5. How Did the Civilization Decline?

Great Zimbabwe declined and was abandoned around 1450 AD for unknown reasons. The migrants left Zimbabwe and founded the northern kingdom of Monomotapa and other successor states. There has been much speculation about Zimbabwe’s decline as theories of its fall have ranged from over-farming, the population depleting the land resources, a drastic weather change, and a decline in the important gold trade. Further research will have to provide more information on this question.

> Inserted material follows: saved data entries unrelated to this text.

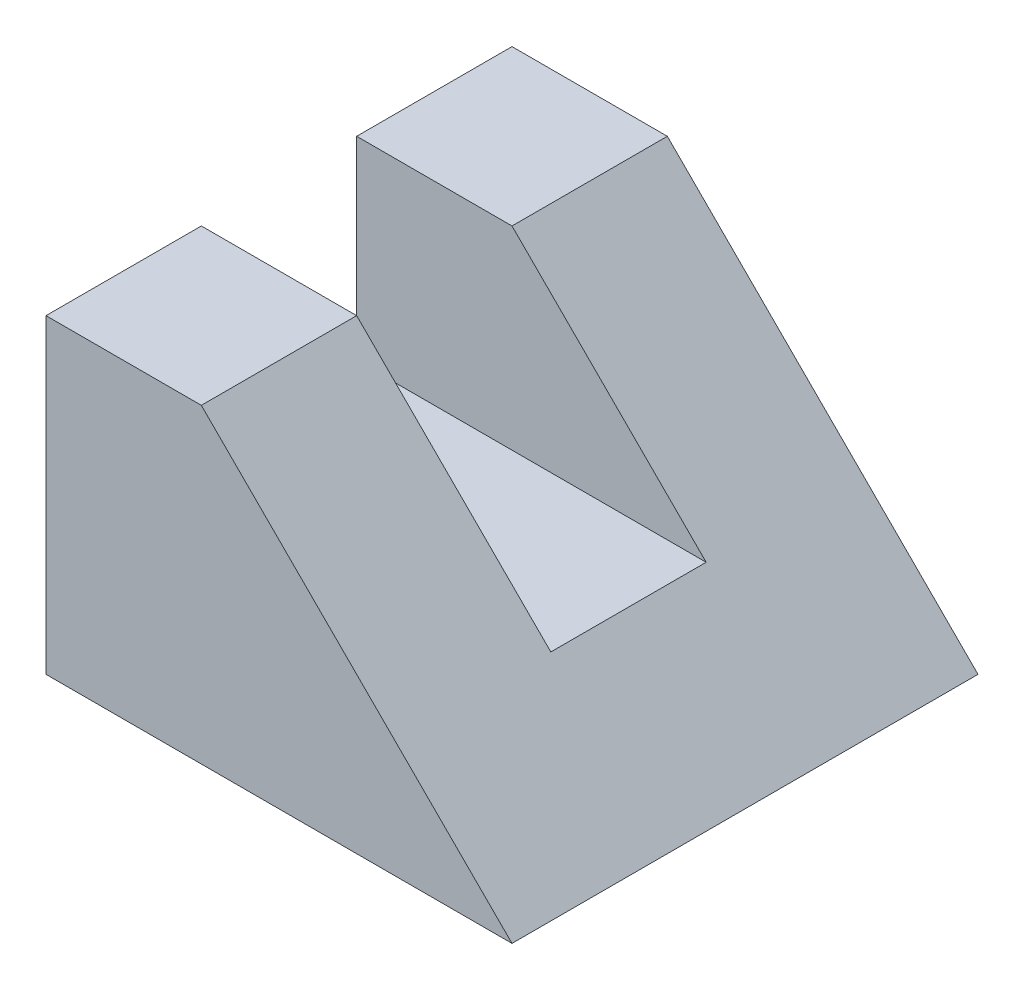
ISO-10303-21;
HEADER;
FILE_DESCRIPTION(('STEP AP214'),'2;1');
FILE_NAME('part.step','',(''),(''),'','','');
FILE_SCHEMA(('AUTOMOTIVE_DESIGN { 1 0 10303 214 1 1 1 1 }'));
ENDSEC;
DATA;
#1=APPLICATION_CONTEXT('core data for automotive mechanical design processes');
#2=APPLICATION_PROTOCOL_DEFINITION('international standard','automotive_design',2000,#1);
#3=PRODUCT_CONTEXT('',#1,'mechanical');
#4=PRODUCT('Part','Part','',(#3));
#5=PRODUCT_RELATED_PRODUCT_CATEGORY('part','',(#4));
#6=PRODUCT_DEFINITION_FORMATION('','',#4);
#7=PRODUCT_DEFINITION_CONTEXT('part definition',#1,'design');
#8=PRODUCT_DEFINITION('design','',#6,#7);
#9=PRODUCT_DEFINITION_SHAPE('','',#8);
#10=(LENGTH_UNIT() NAMED_UNIT(*) SI_UNIT(.MILLI.,.METRE.));
#11=(NAMED_UNIT(*) PLANE_ANGLE_UNIT() SI_UNIT($,.RADIAN.));
#12=(NAMED_UNIT(*) SI_UNIT($,.STERADIAN.) SOLID_ANGLE_UNIT());
#13=UNCERTAINTY_MEASURE_WITH_UNIT(LENGTH_MEASURE(1.E-05),#10,'distance_accuracy_value','');
#14=(GEOMETRIC_REPRESENTATION_CONTEXT(3) GLOBAL_UNCERTAINTY_ASSIGNED_CONTEXT((#13)) GLOBAL_UNIT_ASSIGNED_CONTEXT((#10,
#11,#12)) REPRESENTATION_CONTEXT('',''));
#15=CARTESIAN_POINT('',(0.,0.,0.));
#16=DIRECTION('',(0.,0.,1.));
#17=DIRECTION('',(1.,0.,0.));
#18=AXIS2_PLACEMENT_3D('',#15,#16,#17);
#19=CARTESIAN_POINT('',(-300.,400.,300.));
#20=DIRECTION('',(1.,0.,0.));
#21=DIRECTION('',(0.,0.,-1.));
#22=AXIS2_PLACEMENT_3D('',#19,#20,#21);
#23=PLANE('',#22);
#24=DIRECTION('',(0.,1.,0.));
#25=VECTOR('',#24,1.);
#26=CARTESIAN_POINT('',(-300.,150.,-100.));
#27=LINE('',#26,#25);
#28=CARTESIAN_POINT('',(-300.,150.,-100.));
#29=VERTEX_POINT('',#28);
#30=CARTESIAN_POINT('',(-300.,400.,-100.));
#31=VERTEX_POINT('',#30);
#32=EDGE_CURVE('E102',#29,#31,#27,.T.);
#33=ORIENTED_EDGE('',*,*,#32,.T.);
#34=DIRECTION('',(0.,0.,1.));
#35=VECTOR('',#34,1.);
#36=CARTESIAN_POINT('',(-300.,400.,-300.));
#37=LINE('',#36,#35);
#38=CARTESIAN_POINT('',(-300.,400.,-300.));
#39=VERTEX_POINT('',#38);
#40=EDGE_CURVE('E139',#39,#31,#37,.T.);
#41=ORIENTED_EDGE('',*,*,#40,.F.);
#42=DIRECTION('',(0.,-1.,0.));
#43=VECTOR('',#42,1.);
#44=CARTESIAN_POINT('',(-300.,400.,-300.));
#45=LINE('',#44,#43);
#46=CARTESIAN_POINT('',(-300.,0.,-300.));
#47=VERTEX_POINT('',#46);
#48=EDGE_CURVE('E136',#39,#47,#45,.T.);
#49=ORIENTED_EDGE('',*,*,#48,.T.);
#50=DIRECTION('',(0.,0.,-1.));
#51=VECTOR('',#50,1.);
#52=CARTESIAN_POINT('',(-300.,0.,300.));
#53=LINE('',#52,#51);
#54=CARTESIAN_POINT('',(-300.,0.,300.));
#55=VERTEX_POINT('',#54);
#56=EDGE_CURVE('E159',#55,#47,#53,.T.);
#57=ORIENTED_EDGE('',*,*,#56,.F.);
#58=DIRECTION('',(0.,-1.,0.));
#59=VECTOR('',#58,1.);
#60=CARTESIAN_POINT('',(-300.,400.,300.));
#61=LINE('',#60,#59);
#62=CARTESIAN_POINT('',(-300.,400.,300.));
#63=VERTEX_POINT('',#62);
#64=EDGE_CURVE('E150',#63,#55,#61,.T.);
#65=ORIENTED_EDGE('',*,*,#64,.F.);
#66=DIRECTION('',(0.,0.,-1.));
#67=VECTOR('',#66,1.);
#68=CARTESIAN_POINT('',(-300.,400.,300.));
#69=LINE('',#68,#67);
#70=CARTESIAN_POINT('',(-300.,400.,100.));
#71=VERTEX_POINT('',#70);
#72=EDGE_CURVE('E41',#63,#71,#69,.T.);
#73=ORIENTED_EDGE('',*,*,#72,.T.);
#74=DIRECTION('',(0.,1.,0.));
#75=VECTOR('',#74,1.);
#76=CARTESIAN_POINT('',(-300.,150.,100.));
#77=LINE('',#76,#75);
#78=CARTESIAN_POINT('',(-300.,150.,100.));
#79=VERTEX_POINT('',#78);
#80=EDGE_CURVE('E105',#79,#71,#77,.T.);
#81=ORIENTED_EDGE('',*,*,#80,.F.);
#82=DIRECTION('',(0.,0.,1.));
#83=VECTOR('',#82,1.);
#84=CARTESIAN_POINT('',(-300.,150.,0.));
#85=LINE('',#84,#83);
#86=EDGE_CURVE('E99',#29,#79,#85,.T.);
#87=ORIENTED_EDGE('',*,*,#86,.F.);
#88=EDGE_LOOP('',(#33,#41,#49,#57,#65,#73,#81,#87));
#89=FACE_BOUND('',#88,.T.);
#90=ADVANCED_FACE('F33',(#89),#23,.F.);
#91=CARTESIAN_POINT('',(300.,0.,300.));
#92=DIRECTION('',(-0.707106781186548,-0.707106781186547,0.));
#93=DIRECTION('',(0.707106781186547,-0.707106781186548,0.));
#94=AXIS2_PLACEMENT_3D('',#91,#92,#93);
#95=PLANE('',#94);
#96=DIRECTION('',(-0.707106781186547,0.707106781186548,0.));
#97=VECTOR('',#96,1.);
#98=CARTESIAN_POINT('',(300.,0.,-100.));
#99=LINE('',#98,#97);
#100=CARTESIAN_POINT('',(150.,150.,-100.));
#101=VERTEX_POINT('',#100);
#102=CARTESIAN_POINT('',(-100.,400.,-100.));
#103=VERTEX_POINT('',#102);
#104=EDGE_CURVE('E122',#101,#103,#99,.T.);
#105=ORIENTED_EDGE('',*,*,#104,.F.);
#106=DIRECTION('',(0.,0.,-1.));
#107=VECTOR('',#106,1.);
#108=CARTESIAN_POINT('',(150.,150.,300.));
#109=LINE('',#108,#107);
#110=CARTESIAN_POINT('',(150.,150.,100.));
#111=VERTEX_POINT('',#110);
#112=EDGE_CURVE('E115',#111,#101,#109,.T.);
#113=ORIENTED_EDGE('',*,*,#112,.F.);
#114=DIRECTION('',(-0.707106781186547,0.707106781186548,0.));
#115=VECTOR('',#114,1.);
#116=CARTESIAN_POINT('',(300.,0.,100.));
#117=LINE('',#116,#115);
#118=CARTESIAN_POINT('',(-100.,400.,100.));
#119=VERTEX_POINT('',#118);
#120=EDGE_CURVE('E11',#111,#119,#117,.T.);
#121=ORIENTED_EDGE('',*,*,#120,.T.);
#122=DIRECTION('',(0.,0.,-1.));
#123=VECTOR('',#122,1.);
#124=CARTESIAN_POINT('',(-100.,400.,300.));
#125=LINE('',#124,#123);
#126=CARTESIAN_POINT('',(-100.,400.,300.));
#127=VERTEX_POINT('',#126);
#128=EDGE_CURVE('E154',#127,#119,#125,.T.);
#129=ORIENTED_EDGE('',*,*,#128,.F.);
#130=DIRECTION('',(-0.707106781186547,0.707106781186548,0.));
#131=VECTOR('',#130,1.);
#132=CARTESIAN_POINT('',(300.,0.,300.));
#133=LINE('',#132,#131);
#134=CARTESIAN_POINT('',(300.,0.,300.));
#135=VERTEX_POINT('',#134);
#136=EDGE_CURVE('E48',#135,#127,#133,.T.);
#137=ORIENTED_EDGE('',*,*,#136,.F.);
#138=DIRECTION('',(0.,0.,-1.));
#139=VECTOR('',#138,1.);
#140=CARTESIAN_POINT('',(300.,0.,300.));
#141=LINE('',#140,#139);
#142=CARTESIAN_POINT('',(300.,0.,-300.));
#143=VERTEX_POINT('',#142);
#144=EDGE_CURVE('E157',#135,#143,#141,.T.);
#145=ORIENTED_EDGE('',*,*,#144,.T.);
#146=DIRECTION('',(-0.707106781186547,0.707106781186548,0.));
#147=VECTOR('',#146,1.);
#148=CARTESIAN_POINT('',(300.,0.,-300.));
#149=LINE('',#148,#147);
#150=CARTESIAN_POINT('',(-100.,400.,-300.));
#151=VERTEX_POINT('',#150);
#152=EDGE_CURVE('E130',#143,#151,#149,.T.);
#153=ORIENTED_EDGE('',*,*,#152,.T.);
#154=DIRECTION('',(0.,0.,1.));
#155=VECTOR('',#154,1.);
#156=CARTESIAN_POINT('',(-100.,400.,-300.));
#157=LINE('',#156,#155);
#158=EDGE_CURVE('E141',#151,#103,#157,.T.);
#159=ORIENTED_EDGE('',*,*,#158,.T.);
#160=EDGE_LOOP('',(#105,#113,#121,#129,#137,#145,#153,#159));
#161=FACE_BOUND('',#160,.T.);
#162=ADVANCED_FACE('F168',(#161),#95,.F.);
#163=CARTESIAN_POINT('',(-100.,400.,-300.));
#164=DIRECTION('',(0.,1.,0.));
#165=DIRECTION('',(0.,0.,1.));
#166=AXIS2_PLACEMENT_3D('',#163,#164,#165);
#167=PLANE('',#166);
#168=ORIENTED_EDGE('',*,*,#40,.T.);
#169=DIRECTION('',(1.,0.,0.));
#170=VECTOR('',#169,1.);
#171=CARTESIAN_POINT('',(-300.,400.,-100.));
#172=LINE('',#171,#170);
#173=EDGE_CURVE('E118',#31,#103,#172,.T.);
#174=ORIENTED_EDGE('',*,*,#173,.T.);
#175=ORIENTED_EDGE('',*,*,#158,.F.);
#176=DIRECTION('',(-1.,0.,0.));
#177=VECTOR('',#176,1.);
#178=CARTESIAN_POINT('',(-100.,400.,-300.));
#179=LINE('',#178,#177);
#180=EDGE_CURVE('E124',#151,#39,#179,.T.);
#181=ORIENTED_EDGE('',*,*,#180,.T.);
#182=EDGE_LOOP('',(#168,#174,#175,#181));
#183=FACE_BOUND('',#182,.T.);
#184=ADVANCED_FACE('F170',(#183),#167,.T.);
#185=CARTESIAN_POINT('',(-100.,400.,300.));
#186=DIRECTION('',(0.,-1.,0.));
#187=DIRECTION('',(0.,0.,-1.));
#188=AXIS2_PLACEMENT_3D('',#185,#186,#187);
#189=PLANE('',#188);
#190=ORIENTED_EDGE('',*,*,#128,.T.);
#191=DIRECTION('',(1.,0.,0.));
#192=VECTOR('',#191,1.);
#193=CARTESIAN_POINT('',(-300.,400.,100.));
#194=LINE('',#193,#192);
#195=EDGE_CURVE('E109',#71,#119,#194,.T.);
#196=ORIENTED_EDGE('',*,*,#195,.F.);
#197=ORIENTED_EDGE('',*,*,#72,.F.);
#198=DIRECTION('',(-1.,0.,0.));
#199=VECTOR('',#198,1.);
#200=CARTESIAN_POINT('',(-100.,400.,300.));
#201=LINE('',#200,#199);
#202=EDGE_CURVE('E148',#127,#63,#201,.T.);
#203=ORIENTED_EDGE('',*,*,#202,.F.);
#204=EDGE_LOOP('',(#190,#196,#197,#203));
#205=FACE_BOUND('',#204,.T.);
#206=ADVANCED_FACE('F35',(#205),#189,.F.);
#207=CARTESIAN_POINT('',(-300.,0.,300.));
#208=DIRECTION('',(0.,1.,0.));
#209=DIRECTION('',(0.,0.,1.));
#210=AXIS2_PLACEMENT_3D('',#207,#208,#209);
#211=PLANE('',#210);
#212=ORIENTED_EDGE('',*,*,#56,.T.);
#213=DIRECTION('',(1.,0.,0.));
#214=VECTOR('',#213,1.);
#215=CARTESIAN_POINT('',(-300.,0.,-300.));
#216=LINE('',#215,#214);
#217=EDGE_CURVE('E133',#47,#143,#216,.T.);
#218=ORIENTED_EDGE('',*,*,#217,.T.);
#219=ORIENTED_EDGE('',*,*,#144,.F.);
#220=DIRECTION('',(1.,0.,0.));
#221=VECTOR('',#220,1.);
#222=CARTESIAN_POINT('',(-300.,0.,300.));
#223=LINE('',#222,#221);
#224=EDGE_CURVE('E53',#55,#135,#223,.T.);
#225=ORIENTED_EDGE('',*,*,#224,.F.);
#226=EDGE_LOOP('',(#212,#218,#219,#225));
#227=FACE_BOUND('',#226,.T.);
#228=ADVANCED_FACE('F178',(#227),#211,.F.);
#229=CARTESIAN_POINT('',(0.,0.,300.));
#230=DIRECTION('',(0.,0.,1.));
#231=DIRECTION('',(1.,0.,0.));
#232=AXIS2_PLACEMENT_3D('',#229,#230,#231);
#233=PLANE('',#232);
#234=ORIENTED_EDGE('',*,*,#202,.T.);
#235=ORIENTED_EDGE('',*,*,#64,.T.);
#236=ORIENTED_EDGE('',*,*,#224,.T.);
#237=ORIENTED_EDGE('',*,*,#136,.T.);
#238=EDGE_LOOP('',(#234,#235,#236,#237));
#239=FACE_BOUND('',#238,.T.);
#240=ADVANCED_FACE('F180',(#239),#233,.T.);
#241=CARTESIAN_POINT('',(-300.,150.,100.));
#242=DIRECTION('',(0.,0.,1.));
#243=DIRECTION('',(1.,0.,0.));
#244=AXIS2_PLACEMENT_3D('',#241,#242,#243);
#245=PLANE('',#244);
#246=DIRECTION('',(1.,0.,0.));
#247=VECTOR('',#246,1.);
#248=CARTESIAN_POINT('',(-300.,150.,100.));
#249=LINE('',#248,#247);
#250=EDGE_CURVE('E108',#79,#111,#249,.T.);
#251=ORIENTED_EDGE('',*,*,#250,.F.);
#252=ORIENTED_EDGE('',*,*,#80,.T.);
#253=ORIENTED_EDGE('',*,*,#195,.T.);
#254=ORIENTED_EDGE('',*,*,#120,.F.);
#255=EDGE_LOOP('',(#251,#252,#253,#254));
#256=FACE_BOUND('',#255,.T.);
#257=ADVANCED_FACE('F166',(#256),#245,.F.);
#258=CARTESIAN_POINT('',(0.,150.,0.));
#259=DIRECTION('',(0.,1.,0.));
#260=DIRECTION('',(0.,0.,1.));
#261=AXIS2_PLACEMENT_3D('',#258,#259,#260);
#262=PLANE('',#261);
#263=ORIENTED_EDGE('',*,*,#112,.T.);
#264=DIRECTION('',(1.,0.,0.));
#265=VECTOR('',#264,1.);
#266=CARTESIAN_POINT('',(-300.,150.,-100.));
#267=LINE('',#266,#265);
#268=EDGE_CURVE('E112',#29,#101,#267,.T.);
#269=ORIENTED_EDGE('',*,*,#268,.F.);
#270=ORIENTED_EDGE('',*,*,#86,.T.);
#271=ORIENTED_EDGE('',*,*,#250,.T.);
#272=EDGE_LOOP('',(#263,#269,#270,#271));
#273=FACE_BOUND('',#272,.T.);
#274=ADVANCED_FACE('F113',(#273),#262,.T.);
#275=CARTESIAN_POINT('',(0.,0.,-300.));
#276=DIRECTION('',(0.,0.,-1.));
#277=DIRECTION('',(1.,0.,0.));
#278=AXIS2_PLACEMENT_3D('',#275,#276,#277);
#279=PLANE('',#278);
#280=ORIENTED_EDGE('',*,*,#180,.F.);
#281=ORIENTED_EDGE('',*,*,#152,.F.);
#282=ORIENTED_EDGE('',*,*,#217,.F.);
#283=ORIENTED_EDGE('',*,*,#48,.F.);
#284=EDGE_LOOP('',(#280,#281,#282,#283));
#285=FACE_BOUND('',#284,.T.);
#286=ADVANCED_FACE('F175',(#285),#279,.T.);
#287=CARTESIAN_POINT('',(-300.,150.,-100.));
#288=DIRECTION('',(0.,0.,1.));
#289=DIRECTION('',(1.,0.,0.));
#290=AXIS2_PLACEMENT_3D('',#287,#288,#289);
#291=PLANE('',#290);
#292=ORIENTED_EDGE('',*,*,#104,.T.);
#293=ORIENTED_EDGE('',*,*,#173,.F.);
#294=ORIENTED_EDGE('',*,*,#32,.F.);
#295=ORIENTED_EDGE('',*,*,#268,.T.);
#296=EDGE_LOOP('',(#292,#293,#294,#295));
#297=FACE_BOUND('',#296,.T.);
#298=ADVANCED_FACE('F120',(#297),#291,.T.);
#299=CLOSED_SHELL('',(#90,#162,#184,#206,#228,#240,#257,#274,#286,#298));
#300=MANIFOLD_SOLID_BREP('B2',#299);
#301=ADVANCED_BREP_SHAPE_REPRESENTATION('',(#18,#300),#14);
#302=SHAPE_DEFINITION_REPRESENTATION(#9,#301);
ENDSEC;
END-ISO-10303-21;

Much of the wealth which remained at Great Zimbabwe was removed through the centuries by European explorers, treasure hunters, souvenir seekers, and plunderers such as Richard Hall. The site is but a shell of what it once was, as the artifacts were vandalized by these European groups and destroyed or hauled away by them and eventually sent to various museums throughout Europe, America, and South Africa. Today, there are about 20,000 tourists who visit the site each year and they continue to cause additional damage to the ruins, as these tourists climb the walls for thrills and to find souvenirs.


  • Written Sources: There are no primary written documents available regarding Great Zimbabwe.

  • Oral History: The oral history of the local Shona-speaking people is a valuable source of information on Great Zimbabwe, particularly the information this history provides regarding spiritual beliefs and building traditions.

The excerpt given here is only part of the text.